=== ACTION ITEM ===
What lines in the listing below hold the string "lineweight"? Please copy them out.

---------------

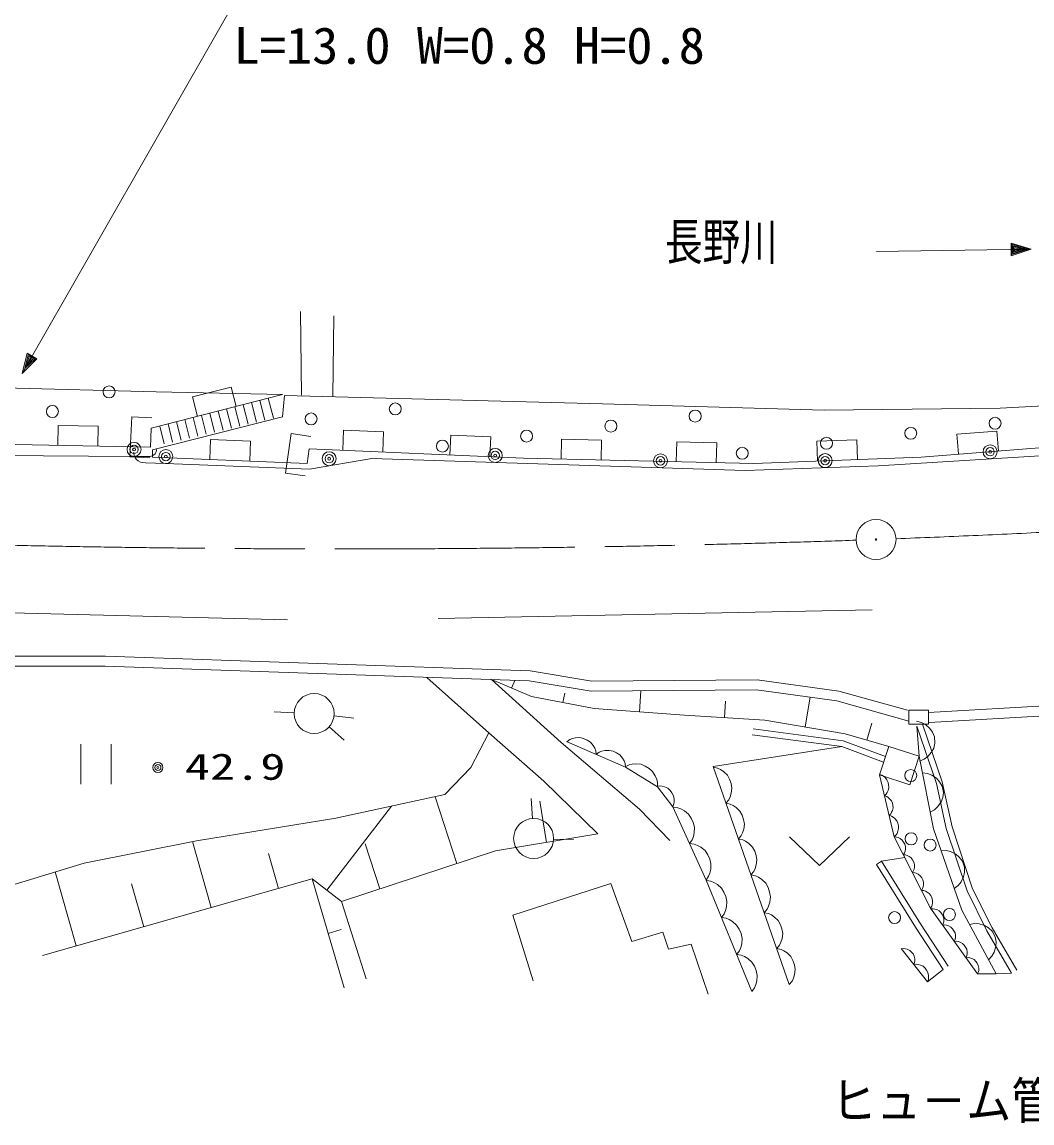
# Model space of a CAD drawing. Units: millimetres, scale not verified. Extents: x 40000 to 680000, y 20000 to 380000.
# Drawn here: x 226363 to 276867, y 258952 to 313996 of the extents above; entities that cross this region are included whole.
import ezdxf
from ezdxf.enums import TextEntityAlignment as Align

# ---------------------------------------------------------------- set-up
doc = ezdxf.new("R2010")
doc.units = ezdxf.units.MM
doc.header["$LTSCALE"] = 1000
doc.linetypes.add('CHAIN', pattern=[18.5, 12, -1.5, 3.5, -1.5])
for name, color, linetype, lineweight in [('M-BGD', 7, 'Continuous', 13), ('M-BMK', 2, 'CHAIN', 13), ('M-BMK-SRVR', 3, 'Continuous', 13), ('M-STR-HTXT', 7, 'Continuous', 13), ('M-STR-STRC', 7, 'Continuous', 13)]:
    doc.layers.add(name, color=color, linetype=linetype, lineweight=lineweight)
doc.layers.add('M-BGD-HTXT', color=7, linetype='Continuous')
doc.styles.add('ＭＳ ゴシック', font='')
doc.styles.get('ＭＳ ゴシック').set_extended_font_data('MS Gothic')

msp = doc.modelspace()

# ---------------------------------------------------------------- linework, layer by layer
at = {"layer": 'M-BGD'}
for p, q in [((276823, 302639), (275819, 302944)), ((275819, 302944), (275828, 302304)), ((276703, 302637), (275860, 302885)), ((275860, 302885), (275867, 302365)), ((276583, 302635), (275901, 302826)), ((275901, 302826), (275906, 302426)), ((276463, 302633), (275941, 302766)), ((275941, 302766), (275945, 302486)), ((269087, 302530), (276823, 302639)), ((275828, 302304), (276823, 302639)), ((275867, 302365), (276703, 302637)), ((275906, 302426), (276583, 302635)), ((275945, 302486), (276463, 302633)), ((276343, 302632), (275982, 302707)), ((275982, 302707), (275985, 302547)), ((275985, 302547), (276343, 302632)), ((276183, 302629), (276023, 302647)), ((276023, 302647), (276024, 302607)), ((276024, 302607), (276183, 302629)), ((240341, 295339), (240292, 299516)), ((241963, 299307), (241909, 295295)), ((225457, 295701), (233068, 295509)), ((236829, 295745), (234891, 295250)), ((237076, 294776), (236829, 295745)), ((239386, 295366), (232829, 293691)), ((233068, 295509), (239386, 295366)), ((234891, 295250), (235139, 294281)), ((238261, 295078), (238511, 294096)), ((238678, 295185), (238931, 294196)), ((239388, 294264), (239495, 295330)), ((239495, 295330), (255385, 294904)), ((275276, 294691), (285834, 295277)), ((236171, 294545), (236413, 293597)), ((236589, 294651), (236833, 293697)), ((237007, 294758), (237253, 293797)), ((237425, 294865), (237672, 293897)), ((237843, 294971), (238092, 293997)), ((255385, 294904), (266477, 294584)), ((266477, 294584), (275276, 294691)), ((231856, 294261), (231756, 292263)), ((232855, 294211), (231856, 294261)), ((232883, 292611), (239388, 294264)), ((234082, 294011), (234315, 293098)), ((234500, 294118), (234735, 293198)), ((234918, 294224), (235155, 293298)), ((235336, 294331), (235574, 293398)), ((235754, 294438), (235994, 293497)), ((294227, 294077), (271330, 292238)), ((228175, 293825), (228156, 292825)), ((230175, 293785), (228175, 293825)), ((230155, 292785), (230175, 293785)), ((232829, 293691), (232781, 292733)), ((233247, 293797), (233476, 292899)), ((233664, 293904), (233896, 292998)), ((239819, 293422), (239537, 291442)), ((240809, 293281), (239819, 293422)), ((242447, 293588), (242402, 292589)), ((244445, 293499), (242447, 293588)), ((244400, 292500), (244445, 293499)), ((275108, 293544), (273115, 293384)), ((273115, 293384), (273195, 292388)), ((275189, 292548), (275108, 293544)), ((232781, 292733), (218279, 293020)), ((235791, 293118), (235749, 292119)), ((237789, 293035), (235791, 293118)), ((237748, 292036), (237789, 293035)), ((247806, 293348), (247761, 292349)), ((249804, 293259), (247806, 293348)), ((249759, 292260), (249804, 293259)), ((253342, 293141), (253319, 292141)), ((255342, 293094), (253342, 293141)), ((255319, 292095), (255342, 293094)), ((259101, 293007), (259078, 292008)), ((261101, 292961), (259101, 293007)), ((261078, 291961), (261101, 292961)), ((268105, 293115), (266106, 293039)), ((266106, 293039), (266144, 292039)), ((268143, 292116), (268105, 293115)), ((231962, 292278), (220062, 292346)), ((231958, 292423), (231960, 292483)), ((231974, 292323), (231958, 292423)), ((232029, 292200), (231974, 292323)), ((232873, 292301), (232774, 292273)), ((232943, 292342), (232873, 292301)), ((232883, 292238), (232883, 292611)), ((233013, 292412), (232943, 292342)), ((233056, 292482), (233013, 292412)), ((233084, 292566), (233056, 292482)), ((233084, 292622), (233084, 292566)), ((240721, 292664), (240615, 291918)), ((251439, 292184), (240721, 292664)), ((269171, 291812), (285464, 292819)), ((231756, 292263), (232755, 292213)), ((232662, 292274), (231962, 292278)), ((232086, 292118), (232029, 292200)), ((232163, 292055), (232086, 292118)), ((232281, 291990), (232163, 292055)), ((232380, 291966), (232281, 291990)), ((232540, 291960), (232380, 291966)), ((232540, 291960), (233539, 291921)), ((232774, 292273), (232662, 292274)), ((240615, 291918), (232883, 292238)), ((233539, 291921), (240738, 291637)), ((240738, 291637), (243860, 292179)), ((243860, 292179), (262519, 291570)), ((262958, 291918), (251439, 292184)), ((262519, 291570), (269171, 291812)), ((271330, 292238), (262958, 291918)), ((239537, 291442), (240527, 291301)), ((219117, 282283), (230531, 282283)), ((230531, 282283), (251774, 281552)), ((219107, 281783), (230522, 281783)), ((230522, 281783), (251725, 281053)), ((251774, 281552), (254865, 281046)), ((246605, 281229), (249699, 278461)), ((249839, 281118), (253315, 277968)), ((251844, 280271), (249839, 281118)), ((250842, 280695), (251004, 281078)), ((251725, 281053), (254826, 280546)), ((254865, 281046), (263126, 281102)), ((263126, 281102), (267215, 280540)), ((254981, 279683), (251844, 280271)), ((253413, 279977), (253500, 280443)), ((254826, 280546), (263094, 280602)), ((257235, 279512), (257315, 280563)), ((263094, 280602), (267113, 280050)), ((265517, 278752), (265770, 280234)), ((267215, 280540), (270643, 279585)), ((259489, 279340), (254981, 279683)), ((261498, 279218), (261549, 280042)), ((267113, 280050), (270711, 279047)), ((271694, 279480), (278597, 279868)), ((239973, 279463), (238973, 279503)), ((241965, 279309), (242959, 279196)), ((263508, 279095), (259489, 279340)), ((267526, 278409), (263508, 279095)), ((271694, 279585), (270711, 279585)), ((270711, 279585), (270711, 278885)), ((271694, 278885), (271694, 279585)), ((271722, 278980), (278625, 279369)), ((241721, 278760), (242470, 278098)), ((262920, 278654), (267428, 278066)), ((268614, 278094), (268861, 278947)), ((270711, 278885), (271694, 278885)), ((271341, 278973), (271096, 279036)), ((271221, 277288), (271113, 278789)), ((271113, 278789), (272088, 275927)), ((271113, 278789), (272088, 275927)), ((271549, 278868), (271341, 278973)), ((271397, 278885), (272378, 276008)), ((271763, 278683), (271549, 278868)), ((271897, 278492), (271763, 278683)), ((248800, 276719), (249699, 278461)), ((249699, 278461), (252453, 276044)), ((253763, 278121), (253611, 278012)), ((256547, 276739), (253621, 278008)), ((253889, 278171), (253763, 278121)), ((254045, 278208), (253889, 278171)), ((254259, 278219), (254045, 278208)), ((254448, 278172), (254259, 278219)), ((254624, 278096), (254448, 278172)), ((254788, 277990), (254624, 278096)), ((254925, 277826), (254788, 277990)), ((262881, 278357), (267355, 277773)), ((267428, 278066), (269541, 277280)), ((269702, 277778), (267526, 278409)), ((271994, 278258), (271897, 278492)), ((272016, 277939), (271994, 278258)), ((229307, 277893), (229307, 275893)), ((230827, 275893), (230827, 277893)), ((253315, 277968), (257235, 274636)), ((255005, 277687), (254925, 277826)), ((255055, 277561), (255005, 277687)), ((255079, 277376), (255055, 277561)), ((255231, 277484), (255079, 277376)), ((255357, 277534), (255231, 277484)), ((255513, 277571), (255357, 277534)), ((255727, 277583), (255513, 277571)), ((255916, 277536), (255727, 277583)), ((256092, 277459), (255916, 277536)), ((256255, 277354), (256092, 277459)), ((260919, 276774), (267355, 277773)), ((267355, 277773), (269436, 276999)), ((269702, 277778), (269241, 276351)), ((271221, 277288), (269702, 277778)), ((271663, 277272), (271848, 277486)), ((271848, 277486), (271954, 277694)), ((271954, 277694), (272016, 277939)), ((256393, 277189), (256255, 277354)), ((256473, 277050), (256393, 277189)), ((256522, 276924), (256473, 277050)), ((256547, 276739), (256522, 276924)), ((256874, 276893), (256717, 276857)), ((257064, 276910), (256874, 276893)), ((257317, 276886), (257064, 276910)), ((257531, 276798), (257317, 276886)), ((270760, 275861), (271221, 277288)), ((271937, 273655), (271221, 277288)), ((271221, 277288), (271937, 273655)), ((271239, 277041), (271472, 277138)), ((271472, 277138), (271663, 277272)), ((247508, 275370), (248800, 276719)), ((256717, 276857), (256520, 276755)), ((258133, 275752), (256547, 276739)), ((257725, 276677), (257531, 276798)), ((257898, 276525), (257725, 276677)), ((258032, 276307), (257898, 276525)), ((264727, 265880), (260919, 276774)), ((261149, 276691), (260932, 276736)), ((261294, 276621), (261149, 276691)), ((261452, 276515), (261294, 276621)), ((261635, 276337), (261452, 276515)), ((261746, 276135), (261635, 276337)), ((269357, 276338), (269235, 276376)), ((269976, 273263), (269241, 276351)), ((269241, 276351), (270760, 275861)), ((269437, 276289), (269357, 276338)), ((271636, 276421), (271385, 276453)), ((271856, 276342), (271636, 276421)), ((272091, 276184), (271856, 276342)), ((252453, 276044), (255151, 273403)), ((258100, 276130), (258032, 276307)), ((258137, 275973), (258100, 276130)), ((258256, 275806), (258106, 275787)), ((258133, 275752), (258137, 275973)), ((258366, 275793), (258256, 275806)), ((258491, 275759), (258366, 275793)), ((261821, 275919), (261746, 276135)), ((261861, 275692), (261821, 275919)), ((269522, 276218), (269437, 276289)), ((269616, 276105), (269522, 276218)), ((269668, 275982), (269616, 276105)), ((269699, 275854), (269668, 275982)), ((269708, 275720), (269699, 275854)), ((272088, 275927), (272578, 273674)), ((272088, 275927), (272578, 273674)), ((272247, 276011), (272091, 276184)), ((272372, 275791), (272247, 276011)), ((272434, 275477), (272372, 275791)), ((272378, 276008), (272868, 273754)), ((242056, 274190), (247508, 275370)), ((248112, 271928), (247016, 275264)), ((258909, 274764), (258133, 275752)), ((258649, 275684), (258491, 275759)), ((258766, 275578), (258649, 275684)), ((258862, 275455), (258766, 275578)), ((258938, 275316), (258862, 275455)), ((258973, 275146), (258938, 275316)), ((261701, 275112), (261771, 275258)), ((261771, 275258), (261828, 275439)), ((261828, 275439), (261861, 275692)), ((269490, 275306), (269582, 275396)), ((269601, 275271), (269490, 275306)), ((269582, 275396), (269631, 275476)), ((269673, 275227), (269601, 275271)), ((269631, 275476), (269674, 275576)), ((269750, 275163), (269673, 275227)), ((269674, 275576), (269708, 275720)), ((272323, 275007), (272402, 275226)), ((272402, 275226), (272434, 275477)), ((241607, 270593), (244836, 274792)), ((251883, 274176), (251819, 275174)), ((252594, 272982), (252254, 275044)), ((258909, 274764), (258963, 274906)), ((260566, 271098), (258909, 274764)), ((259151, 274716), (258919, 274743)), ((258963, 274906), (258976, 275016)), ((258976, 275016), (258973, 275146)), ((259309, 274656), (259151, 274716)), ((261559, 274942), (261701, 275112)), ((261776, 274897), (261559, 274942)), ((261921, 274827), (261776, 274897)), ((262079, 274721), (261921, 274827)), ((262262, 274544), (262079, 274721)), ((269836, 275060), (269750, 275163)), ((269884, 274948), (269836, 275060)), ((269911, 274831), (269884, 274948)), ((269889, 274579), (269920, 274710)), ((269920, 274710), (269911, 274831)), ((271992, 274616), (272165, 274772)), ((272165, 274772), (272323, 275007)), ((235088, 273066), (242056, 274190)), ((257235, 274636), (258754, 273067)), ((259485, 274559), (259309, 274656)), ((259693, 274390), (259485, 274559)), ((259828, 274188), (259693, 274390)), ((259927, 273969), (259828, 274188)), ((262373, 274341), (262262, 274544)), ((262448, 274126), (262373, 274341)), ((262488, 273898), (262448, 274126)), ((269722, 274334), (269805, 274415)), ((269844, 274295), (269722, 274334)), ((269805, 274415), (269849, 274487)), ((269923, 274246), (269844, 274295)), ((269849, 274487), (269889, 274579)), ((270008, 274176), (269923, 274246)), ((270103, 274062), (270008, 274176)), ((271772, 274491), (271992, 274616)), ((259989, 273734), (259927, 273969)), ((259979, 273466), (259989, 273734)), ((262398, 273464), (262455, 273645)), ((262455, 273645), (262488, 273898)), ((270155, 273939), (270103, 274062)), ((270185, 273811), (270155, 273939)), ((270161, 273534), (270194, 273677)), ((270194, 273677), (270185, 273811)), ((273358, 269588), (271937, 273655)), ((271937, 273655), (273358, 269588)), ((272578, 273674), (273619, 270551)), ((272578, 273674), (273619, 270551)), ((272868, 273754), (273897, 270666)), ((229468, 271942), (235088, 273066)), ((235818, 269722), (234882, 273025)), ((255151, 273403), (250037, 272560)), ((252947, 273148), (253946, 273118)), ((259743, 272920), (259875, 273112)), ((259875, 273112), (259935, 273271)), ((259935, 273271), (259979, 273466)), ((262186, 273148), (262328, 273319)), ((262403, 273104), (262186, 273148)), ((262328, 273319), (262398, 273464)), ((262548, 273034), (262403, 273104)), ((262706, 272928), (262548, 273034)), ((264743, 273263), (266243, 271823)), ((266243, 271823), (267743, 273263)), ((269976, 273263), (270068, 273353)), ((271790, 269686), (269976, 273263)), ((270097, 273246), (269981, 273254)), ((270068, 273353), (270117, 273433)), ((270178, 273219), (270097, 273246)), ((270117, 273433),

---------------

=== YOUR RESPONSE ===
for name, color, linetype, lineweight in [('M-BGD', 7, 'Continuous', 13), ('M-BMK', 2, 'CHAIN', 13), ('M-BMK-SRVR', 3, 'Continuous', 13), ('M-STR-HTXT', 7, 'Continuous', 13), ('M-STR-STRC', 7, 'Continuous', 13)]:
    doc.layers.add(name, color=color, linetype=linetype, lineweight=lineweight)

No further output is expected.